Мы приготовились слушать. Кошкин помолчал, как бы решая, с чего начать, а когда заговорил, то противу наших ожиданий — в голосе его не зазвучали трагические ноты, он просто начал рассказывать, как мог бы например говорить о деле хотя и любопытном, но мало его касающемся. Уверенное, твёрдой поступью шагающее повествование человека много пережившего, но и много понявшего на склоне лет. Все мы давно уже перешагнули пятидесятилетний рубеж, у всех не ладилось со здоровьем, и в этом Кошкин служил для нас своего рода отрицательным примером. С младых ногтей его преследовали всяческие болезни, недомогания, жестокие головные боли и бог знает что ещё, но, как правило, врачи затруднялись с диагнозом и по большей части списывали сии «болячки» по ведомству некоего загадочного невроза. И то верно, хотя он и не выглядел богатырём, тем не менее предположить в нём угнездившиеся недуги на первый взгляд было совершеннейшим образов невозможно.

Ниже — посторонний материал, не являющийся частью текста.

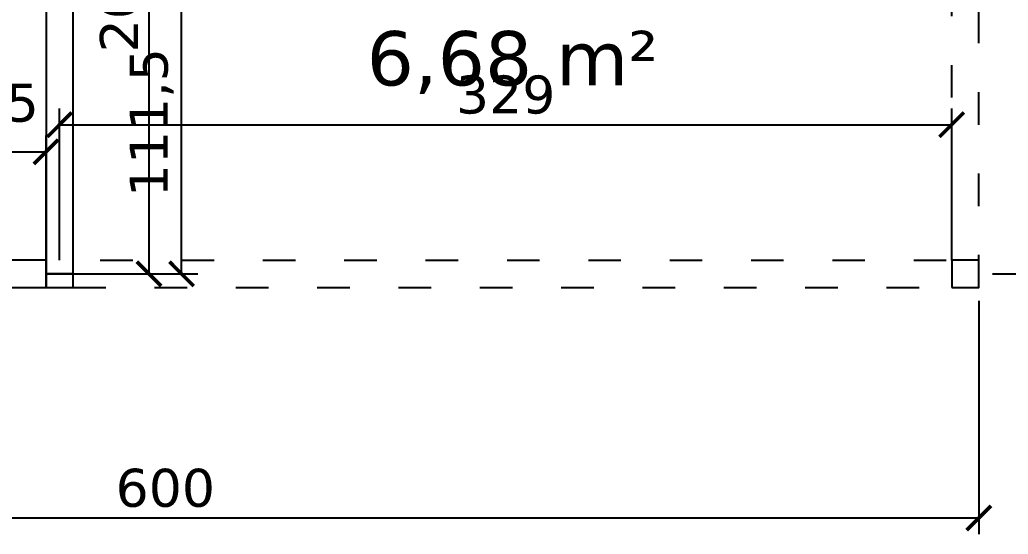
# Model space of a CAD drawing. Header units: centimetres. Extents: x -135 to 3640, y -1234 to 1338.
# Drawn here: x 1146.3 to 1510.8, y -91 to 98.7 of the extents above; entities that cross this region are included whole.
import ezdxf
from ezdxf.enums import TextEntityAlignment as Align

# ---------------------------------------------------------------- set-up
doc = ezdxf.new("R2010")
doc.units = ezdxf.units.CM
doc.linetypes.add('VERANDA_KESIK', pattern=[30, 12, -18])
for name, color, linetype in [('DIS_DUVAR_100', 30, 'Continuous'), ('KOSE_PROFIL_100', 8, 'Continuous'), ('ODA_ADLARI', 7, 'Continuous'), ('OLCULER', 7, 'Continuous'), ('OZEL_PANEL_OLCU_CM', 3, 'Continuous'), ('VERANDA_DIKME', 1, 'Continuous'), ('VERANDA_PROFIL_100', 1, 'VERANDA_KESIK')]:
    doc.layers.add(name, color=color, linetype=linetype)
doc.styles.add('PORTMAN', font='DejaVuSans.ttf')
doc.dimstyles.new('PORTMAN', dxfattribs={"dimtxt": 14, "dimasz": 9, "dimexe": 6, "dimexo": 5, "dimgap": 4, "dimtad": 1, "dimtxsty": 'PORTMAN', "dimblk": 'ARCHTICK', "dimcen": 2.5, "dimazin": 3, "dimtfac": 0.5, "dimtmove": 2, "dimatfit": 3})

# ---------------------------------------------------------------- blocks, each defined once
blk = doc.blocks.new('BOM_D13_602p5_DIS_DOLU')
blk.add_lwpolyline([(0, 0), (10, 0), (10, 60.25), (0, 60.25)], close=True)
blk = doc.blocks.new('BOM_D14_1115p0_DIS_DOLU')
blk.add_lwpolyline([(0, 0), (10, 0), (10, 111.5), (0, 111.5)], close=True)
blk = doc.blocks.new('BOM_B02_DIS_KOSE_100x50')
blk.add_lwpolyline([(0, 0), (10, 0), (10, 5), (0, 5)], close=True)
blk = doc.blocks.new('BOM_B04_VERANDA_DIKME_100x100')
blk.add_lwpolyline([(0, 0), (10, 0), (10, 10), (0, 10)], close=True)
blk = doc.blocks.new('BOM_V05_VERANDA_ON_3340p0')
at = {"lineweight": 25}
for p, q in [((10, 10), (324, 10)), ((0, 0), (334, 0))]:
    blk.add_line(p, q, dxfattribs=at)
blk = doc.blocks.new('BOM_V06_VERANDA_YAN_2000p0')
at = {"lineweight": 25}
for p, q in [((0, 0), (0, 200)), ((-10, 10), (-10, 190))]:
    blk.add_line(p, q, dxfattribs=at)
blk = doc.blocks.new('_ARCHTICK')
at = {"color": 0, "linetype": 'BYBLOCK', "const_width": 0.15}
blk.add_lwpolyline([(-0.5, -0.5), (0.5, 0.5)], dxfattribs=at)

msp = doc.modelspace()

# ---------------------------------------------------------------- block references
at = {"layer": 'DIS_DUVAR_100'}
msp.add_blockref('BOM_D14_1115p0_DIS_DOLU', (1156, 5), dxfattribs=at)
at = {"layer": 'DIS_DUVAR_100', "rotation": 270}
msp.add_blockref('BOM_D13_602p5_DIS_DOLU', (1095.75, 10), dxfattribs=at)
at = {"layer": 'KOSE_PROFIL_100'}
msp.add_blockref('BOM_B02_DIS_KOSE_100x50', (1156, 0), dxfattribs=at)
at = {"layer": 'VERANDA_DIKME'}
msp.add_blockref('BOM_B04_VERANDA_DIKME_100x100', (1490, 0), dxfattribs=at)
at = {"layer": 'VERANDA_PROFIL_100'}
for name, p in [('BOM_V06_VERANDA_YAN_2000p0', (1500, 0)), ('BOM_V05_VERANDA_ON_3340p0', (1166, 0))]:
    msp.add_blockref(name, p, dxfattribs=at)

# ---------------------------------------------------------------- texts
at = {"layer": 'ODA_ADLARI', "style": 'PORTMAN'}
msp.add_text('6,68 m²', height=20, dxfattribs=at).set_placement((1328, 84.5), align=Align.MIDDLE_CENTER)

# ---------------------------------------------------------------- dimensions: what is measured, and where the dimension line sits
at = {"layer": 'OLCULER'}
for base, p1, p2 in [((1194, 5), (1161, 5), (1161, 205)), ((1581, 5), (1500, 5), (1500, 116.5))]:
    msp.add_linear_dim(base=base, p1=p1, p2=p2, angle=90, dimstyle='PORTMAN', override={"dimtxt": 14, "dimasz": 9, "dimexe": 6, "dimexo": 5, "dimdec": 2, "dimzin": 8, "dimdsep": 44}, dxfattribs=at).render()
for base, p1, p2 in [((1161, 60), (1161, 5), (1490, 5)), ((900, -85), (900, 0), (1500, 0))]:
    msp.add_linear_dim(base=base, p1=p1, p2=p2, dimstyle='PORTMAN', override={"dimtxt": 14, "dimasz": 9, "dimexe": 6, "dimexo": 5, "dimdec": 2, "dimzin": 8, "dimdsep": 44}, dxfattribs=at).render()
at = {"layer": 'OZEL_PANEL_OLCU_CM'}
msp.add_linear_dim(base=(1206, 5), p1=(1156, 5), p2=(1156, 116.5), angle=90, dimstyle='PORTMAN', override={"dimtxt": 14, "dimasz": 9, "dimexe": 6, "dimexo": 5, "dimdec": 2, "dimzin": 8, "dimdsep": 44}, dxfattribs=at).render()
msp.add_linear_dim(base=(1095.75, 50), p1=(1095.75, 0), p2=(1156, 0), dimstyle='PORTMAN', override={"dimtxt": 14, "dimasz": 9, "dimexe": 6, "dimexo": 5, "dimdec": 2, "dimzin": 8, "dimdsep": 44}, dxfattribs=at).render()

doc.saveas('drawing.dxf')

Но сегодня он был особенно свеж, бодр, вроде бы как даже радостен, рассказ начал с улыбочкой (она случилась, мы с изумлением отметили, при слове «трагедия» — усмешка такая кривоватая), а посмотрев назад, каждый из нас легко обнаружил: со дня похорон матери Кошкин переменился неузнаваемо, не болел, ни на что не жаловался и даже упоминая иногда о воюющем сыне (тот не писал, но совсем недавно якобы передал привет через товарища, зашедшего по пути домой, в Углич, благо ехал с Савёловского вокзала, который, будучи рядом, и сейчас голубел в окнах кошкинской квартиры; товарищ этот порвал контракт и уволился из «внутренних войск), — так вот, сказав что-то недавно по поводу «героев чеченской битвы», сказал это с такой злостью, что мы, право, немало удивились. Ведь знали же, какая боль душевная… Но, оказалось, ничего не знали.